Abe appeared happy to soft-pedal the Koizumi reforms and might have made political capital out of this, had he not made a series of policy errors from early in his term. He under-reacted to a massive controversy in which the Japanese government admitted to having mislaid millions of national pension records, and his cabinet was plagued by a series of money politics scandals that resulted in multiple resignations of cabinet ministers and even the suicide of one. He lasted slightly less than a year in office. The LDP then closed ranks and chose as party president and prime minister 71-year-old Yasuo Fukuda, a conservative politician, who nevertheless has the reputation of being less of a hawk than Abe on constitutional reform and other issues that do not play well with the Japanese public. When Fukuda took over in September, many analysts predicted that he would serve only as a caretaker prime minister.
Weak links
Amidst all this political turbulence, some of the pillars of the Japanese economy have been swaying too. There are four of these: personal consumption, net exports, private capital spending and public spending. The biggest is personal consumption, which accounts for some 55% of Japan’s GDP and which has never been really strong, even through Japan’s long economic recovery over the past five to six years.
Lately, consumption has been looking sickly, largely because Japanese companies have used their earnings during the period of economic recovery to boost investment and dividend payouts (in line with the philosophies ushered in during the Koizumi era) rather than to raise wages. Unemployment has not begun moving above the multi-year low of 3.6%, which it reached at the height of Japan’s recovery too.
Private capital investment has also begun to flag, while public spending has been on a downward trend for several years, as Japanese governments have striven to rein in a total public debt that exceeds 150% of GDP. Three of Japan’s economic engines are therefore sputtering, and whether the fourth – exports – can continue to fire strongly depends very much on how far the US economy (and thus China’s too) are impacted by current global turbulence.
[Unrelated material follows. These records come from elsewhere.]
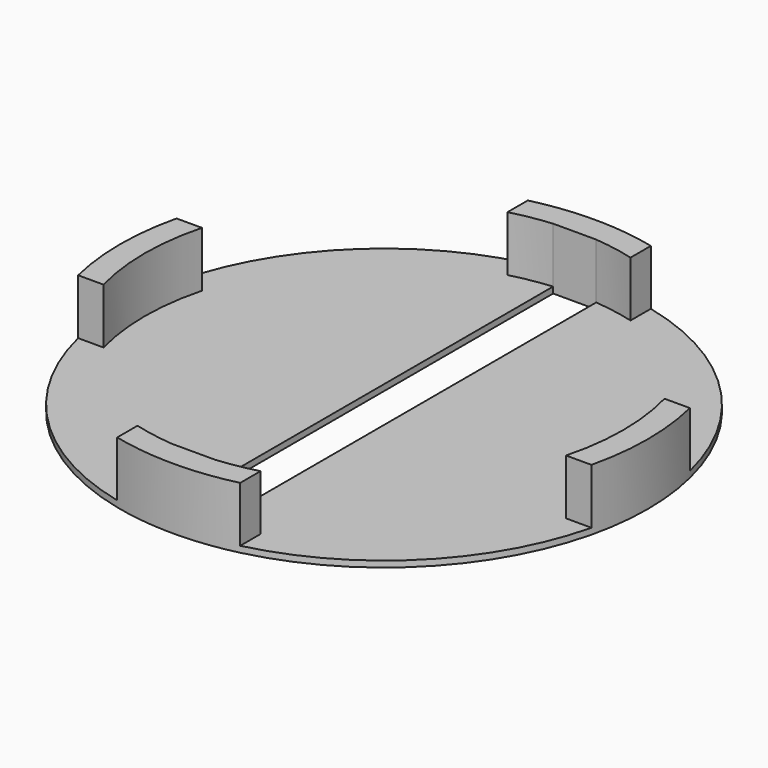
from build123d import *

# Parameters (mm, degrees)
F0_W     = 3.5
F0_H     = 1.4879982061
F0_W_2   = 3.25
F0_H_2   = 10
F0_H_3   = 0.5193831472
F1_DEPTH = 0.5
F2_DEPTH = 5


# Not quite as in the source:
# - a feature of the source that left no trace in its solid (it failed there, or was rolled back) is left out
# - a feature names something its author has since deleted; it is built from what else it names


with BuildPart() as f1:
    # F0 (on Top) → F1 (new body)
    with BuildSketch(Plane.XY):
        with BuildLine():
            Line((-1.75, 5), (-1.75, 19.3711125132))
            ThreePointArc((-1.75, 19.3711125132), (-3.3872134677, 19.1527879152), (-5, 18.7963427294))
            Line((-5, 18.7963427294), (-5, 5))
            Line((-5, 5), (-1.75, 5))
        make_face()
        with BuildLine():
            ThreePointArc((-5, 18.7963427294), (-3.3872134677, 19.1527879152), (-1.75, 19.3711125132))
            Line((-1.75, 19.3711125132), (-1.75, 20.8591107193))
            Line((-1.75, 20.8591107193), (-5, 20.8591107193))
            Line((-5, 20.8591107193), (-5, 18.7963427294))
        make_face()
        with Locations((0, 20.1151116163)):
            Rectangle(F0_W, F0_H)
        with BuildLine():
            Line((-5, 5), (-5, 18.7963427294))
            ThreePointArc((-5, 18.7963427294), (-13.7532268941, 13.7532268941), (-18.7963427294, 5))
            Line((-18.7963427294, 5), (-5, 5))
        make_face()
        with BuildLine():
            ThreePointArc((-18.7963427294, 5), (-13.7532268941, 13.7532268941), (-5, 18.7963427294))
            Line((-5, 18.7963427294), (-5, 20.8591107193))
            ThreePointArc((-5, 20.8591107193), (-15.1674404565, 15.1674404565), (-20.8591107193, 5))
            Line((-20.8591107193, 5), (-18.7963427294, 5))
        make_face()
        with Locations((-3.375, 0)):
            Rectangle(F0_W_2, F0_H_2)
        with Locations((0, 21.1188022929)):
            Rectangle(F0_W, F0_H_3)
        with BuildLine():
            Line((-5, 20.8591107193), (-1.75, 20.8591107193))
            Line((-1.75, 20.8591107193), (-1.75, 21.3784938665))
            ThreePointArc((-1.75, 21.3784938665), (-3.3849763239, 21.1812283706), (-5, 20.8591107193))
        make_face()
        with BuildLine():
            ThreePointArc((5, 18.7963427294), (3.3872134677, 19.1527879152), (1.75, 19.3711125132))
            Line((1.75, 19.3711125132), (1.75, 5))
            Line((1.75, 5), (5, 5))
            Line((5, 5), (5, 18.7963427294))
        make_face()
        with BuildLine():
            Line((1.75, 20.8591107193), (1.75, 19.3711125132))
            ThreePointArc((1.75, 19.3711125132), (3.3872134677, 19.1527879152), (5, 18.7963427294))
            Line((5, 18.7963427294), (5, 20.8591107193))
            Line((5, 20.8591107193), (1.75, 20.8591107193))
        make_face()
        with BuildLine():
            Line((-5, 5), (-18.7963427294, 5))
            ThreePointArc((-18.7963427294, 5), (-19.45, 0), (-18.7963427294, -5))
            Line((-18.7963427294, -5), (-5, -5))
            Line((-5, -5), (-5, 5))
        make_face()
        with BuildLine():
            ThreePointArc((-18.7963427294, -5), (-19.45, 0), (-18.7963427294, 5))
            Line((-18.7963427294, 5), (-20.8591107193, 5))
            Line((-20.8591107193, 5), (-20.8591107193, -5))
            Line((-20.8591107193, -5), (-18.7963427294, -5))
        make_face()
        with Locations((3.375, 0)):
            Rectangle(F0_W_2, F0_H_2)
        with BuildLine():
            Line((-1.75, -19.3711125132), (-1.75, -5))
            Line((-1.75, -5), (-5, -5))
            Line((-5, -5), (-5, -18.7963427294))
            ThreePointArc((-5, -18.7963427294), (-3.3872134677, -19.1527879152), (-1.75, -19.3711125132))
        make_face()
        with BuildLine():
            Line((1.75, 21.3784938665), (1.75, 20.8591107193))
            Line((1.75, 20.8591107193), (5, 20.8591107193))
            ThreePointArc((5, 20.8591107193), (3.3849763239, 21.1812283706), (1.75, 21.3784938665))
        make_face()
        with BuildLine():
            ThreePointArc((1.75, 21.3784938665), (0, 21.45), (-1.75, 21.3784938665))
            Line((-1.75, 21.3784938665), (1.75, 21.3784938665))
        make_face()
        with BuildLine():
            ThreePointArc((18.7963427294, 5), (13.7532268941, 13.7532268941), (5, 18.7963427294))
            Line((5, 18.7963427294), (5, 5))
            Line((5, 5), (18.7963427294, 5))
        make_face()
        with BuildLine():
            Line((5, 20.8591107193), (5, 18.7963427294))
            ThreePointArc((5, 18.7963427294), (13.7532268941, 13.7532268941), (18.7963427294, 5))
            Line((18.7963427294, 5), (20.8591107193, 5))
            ThreePointArc((20.8591107193, 5), (15.1674404565, 15.1674404565), (5, 20.8591107193))
        make_face()
        with BuildLine():
            Line((-5, -5), (-18.7963427294, -5))
            ThreePointArc((-18.7963427294, -5), (-13.7532268941, -13.7532268941), (-5, -18.7963427294))
            Line((-5, -18.7963427294), (-5, -5))
        make_face()
        with BuildLine():
            ThreePointArc((-5, -18.7963427294), (-13.7532268941, -13.7532268941), (-18.7963427294, -5))
            Line((-18.7963427294, -5), (-20.8591107193, -5))
            ThreePointArc((-20.8591107193, -5), (-15.1674404565, -15.1674404565), (-5, -20.8591107193))
            Line((-5, -20.8591107193), (-5, -18.7963427294))
        make_face()
        with BuildLine():
            Line((-20.8591107193, -5), (-20.8591107193, 5))
            ThreePointArc((-20.8591107193, 5), (-21.45, 0), (-20.8591107193, -5))
        make_face()
        with BuildLine():
            Line((18.7963427294, 5), (5, 5))
            Line((5, 5), (5, -5))
            Line((5, -5), (18.7963427294, -5))
            ThreePointArc((18.7963427294, -5), (19.45, 0), (18.7963427294, 5))
        make_face()
        with BuildLine():
            Line((5, -5), (1.75, -5))
            Line((1.75, -5), (1.75, -19.3711125132))
            ThreePointArc((1.75, -19.3711125132), (3.3872134677, -19.1527879152), (5, -18.7963427294))
            Line((5, -18.7963427294), (5, -5))
        make_face()
        with BuildLine():
            Line((-1.75, -20.8591107193), (-1.75, -19.3711125132))
            ThreePointArc((-1.75, -19.3711125132), (-3.3872134677, -19.1527879152), (-5, -18.7963427294))
            Line((-5, -18.7963427294), (-5, -20.8591107193))
            Line((-5, -20.8591107193), (-1.75, -20.8591107193))
        make_face()
        with Locations((0, -20.1151116163)):
            Rectangle(F0_W, F0_H)
        with BuildLine():
            Line((20.8591107193, 5), (18.7963427294, 5))
            ThreePointArc((18.7963427294, 5), (19.45, 0), (18.7963427294, -5))
            Line((18.7963427294, -5), (20.8591107193, -5))
            Line((20.8591107193, -5), (20.8591107193, 5))
        make_face()
        with BuildLine():
            Line((18.7963427294, -5), (5, -5))
            Line((5, -5), (5, -18.7963427294))
            ThreePointArc((5, -18.7963427294), (13.7532268941, -13.7532268941), (18.7963427294, -5))
        make_face()
        with BuildLine():
            ThreePointArc((5, -18.7963427294), (3.3872134677, -19.1527879152), (1.75, -19.3711125132))
            Line((1.75, -19.3711125132), (1.75, -20.8591107193))
            Line((1.75, -20.8591107193), (5, -20.8591107193))
            Line((5, -20.8591107193), (5, -18.7963427294))
        make_face()
        with BuildLine():
            Line((-1.75, -21.3784938665), (-1.75, -20.8591107193))
            Line((-1.75, -20.8591107193), (-5, -20.8591107193))
            ThreePointArc((-5, -20.8591107193), (-3.3849763239, -21.1812283706), (-1.75, -21.3784938665))
        make_face()
        with Locations((0, -21.1188022929)):
            Rectangle(F0_W, F0_H_3)
        with BuildLine():
            ThreePointArc((21.45, 0), (21.3017654776, 2.5173969761), (20.8591107193, 5))
            Line((20.8591107193, 5), (20.8591107193, -5))
            ThreePointArc((20.8591107193, -5), (21.3017654776, -2.5173969761), (21.45, 0))
        make_face()
        with BuildLine():
            Line((20.8591107193, -5), (18.7963427294, -5))
            ThreePointArc((18.7963427294, -5), (13.7532268941, -13.7532268941), (5, -18.7963427294))
            Line((5, -18.7963427294), (5, -20.8591107193))
            ThreePointArc((5, -20.8591107193), (15.1674404565, -15.1674404565), (20.8591107193, -5))
        make_face()
        with BuildLine():
            Line((5, -20.8591107193), (1.75, -20.8591107193))
            Line((1.75, -20.8591107193), (1.75, -21.3784938665))
            ThreePointArc((1.75, -21.3784938665), (3.3849763239, -21.1812283706), (5, -20.8591107193))
        make_face()
        with BuildLine():
            Line((1.75, -21.3784938665), (-1.75, -21.3784938665))
            ThreePointArc((-1.75, -21.3784938665), (0, -21.45), (1.75, -21.3784938665))
        make_face()
    extrude(amount=F1_DEPTH)

    # F0 (on Top) → F2 (join)
    with BuildSketch(Plane.XY):
        with BuildLine():
            ThreePointArc((-5, 18.7963427294), (-3.3872134677, 19.1527879152), (-1.75, 19.3711125132))
            Line((-1.75, 19.3711125132), (-1.75, 20.8591107193))
            Line((-1.75, 20.8591107193), (-5, 20.8591107193))
            Line((-5, 20.8591107193), (-5, 18.7963427294))
        make_face()
        with Locations((0, 20.1151116163)):
            Rectangle(F0_W, F0_H)
        with Locations((0, 21.1188022929)):
            Rectangle(F0_W, F0_H_3)
        with BuildLine():
            Line((-5, 20.8591107193), (-1.75, 20.8591107193))
            Line((-1.75, 20.8591107193), (-1.75, 21.3784938665))
            ThreePointArc((-1.75, 21.3784938665), (-3.3849763239, 21.1812283706), (-5, 20.8591107193))
        make_face()
        with BuildLine():
            Line((1.75, 20.8591107193), (1.75, 19.3711125132))
            ThreePointArc((1.75, 19.3711125132), (3.3872134677, 19.1527879152), (5, 18.7963427294))
            Line((5, 18.7963427294), (5, 20.8591107193))
            Line((5, 20.8591107193), (1.75, 20.8591107193))
        make_face()
        with BuildLine():
            ThreePointArc((-18.7963427294, -5), (-19.45, 0), (-18.7963427294, 5))
            Line((-18.7963427294, 5), (-20.8591107193, 5))
            Line((-20.8591107193, 5), (-20.8591107193, -5))
            Line((-20.8591107193, -5), (-18.7963427294, -5))
        make_face()
        with BuildLine():
            Line((1.75, 21.3784938665), (1.75, 20.8591107193))
            Line((1.75, 20.8591107193), (5, 20.8591107193))
            ThreePointArc((5, 20.8591107193), (3.3849763239, 21.1812283706), (1.75, 21.3784938665))
        make_face()
        with BuildLine():
            ThreePointArc((1.75, 21.3784938665), (0, 21.45), (-1.75, 21.3784938665))
            Line((-1.75, 21.3784938665), (1.75, 21.3784938665))
        make_face()
        with BuildLine():
            Line((-20.8591107193, -5), (-20.8591107193, 5))
            ThreePointArc((-20.8591107193, 5), (-21.45, 0), (-20.8591107193, -5))
        make_face()
        with BuildLine():
            Line((-1.75, -20.8591107193), (-1.75, -19.3711125132))
            ThreePointArc((-1.75, -19.3711125132), (-3.3872134677, -19.1527879152), (-5, -18.7963427294))
            Line((-5, -18.7963427294), (-5, -20.8591107193))
            Line((-5, -20.8591107193), (-1.75, -20.8591107193))
        make_face()
        with Locations((0, -20.1151116163)):
            Rectangle(F0_W, F0_H)
        with BuildLine():
            Line((20.8591107193, 5), (18.7963427294, 5))
            ThreePointArc((18.7963427294, 5), (19.45, 0), (18.7963427294, -5))
            Line((18.7963427294, -5), (20.8591107193, -5))
            Line((20.8591107193, -5), (20.8591107193, 5))
        make_face()
        with BuildLine():
            ThreePointArc((5, -18.7963427294), (3.3872134677, -19.1527879152), (1.75, -19.3711125132))
            Line((1.75, -19.3711125132), (1.75, -20.8591107193))
            Line((1.75, -20.8591107193), (5, -20.8591107193))
            Line((5, -20.8591107193), (5, -18.7963427294))
        make_face()
        with BuildLine():
            Line((-1.75, -21.3784938665), (-1.75, -20.8591107193))
            Line((-1.75, -20.8591107193), (-5, -20.8591107193))
            ThreePointArc((-5, -20.8591107193), (-3.3849763239, -21.1812283706), (-1.75, -21.3784938665))
        make_face()
        with Locations((0, -21.1188022929)):
            Rectangle(F0_W, F0_H_3)
        with BuildLine():
            ThreePointArc((21.45, 0), (21.3017654776, 2.5173969761), (20.8591107193, 5))
            Line((20.8591107193, 5), (20.8591107193, -5))
            ThreePointArc((20.8591107193, -5), (21.3017654776, -2.5173969761), (21.45, 0))
        make_face()
        with BuildLine():
            Line((5, -20.8591107193), (1.75, -20.8591107193))
            Line((1.75, -20.8591107193), (1.75, -21.3784938665))
            ThreePointArc((1.75, -21.3784938665), (3.3849763239, -21.1812283706), (5, -20.8591107193))
        make_face()
        with BuildLine():
            Line((1.75, -21.3784938665), (-1.75, -21.3784938665))
            ThreePointArc((-1.75, -21.3784938665), (0, -21.45), (1.75, -21.3784938665))
        make_face()
    extrude(amount=F2_DEPTH)


solid = f1.part

GDP growth was negative in the second quarter of 2007 by 0.5%, and if third-quarter growth also proves to be negative, Japan will be in technical recession. Few economists expect this to happen, but the consensus is for economic growth for 2007 to reach 2% at best with the prospect of further slowdown next year. Stepped-up wage growth or renewed public spending could accelerate growth, they say, but with huge debt and an ageing population to cope with, the government is in no mood to boost spending.
The investor’s view
To investors, the picture looks brighter, however. “Japan may well be the only equity market in the world that has already discounted the coming global economic slowdown,” says Jesper Koll, president and CEO of Tantallon Research, Japan. “Corporate Japan remains a top global competitor, with record high investment in R&D, unsurpassed technological leadership and the undisputed leader in global patent holdings. What more does one need to get excited about the long-term prospects for a country?”
Mark Cutis, chief investment officer at Shinsei Bank in Tokyo, is another bull of Japan. “Japanese equities are neglected and unloved,” he says. “Japan has probably been the worst performing equity market in the world for two years in a row. However, on a valuation basis, Japan remains extremely attractive, and the yen is seriously undervalued. Retail and institutional investors in Japan are seriously underweight in their market, and you could have a buying frenzy when the locals decide to return,” he adds.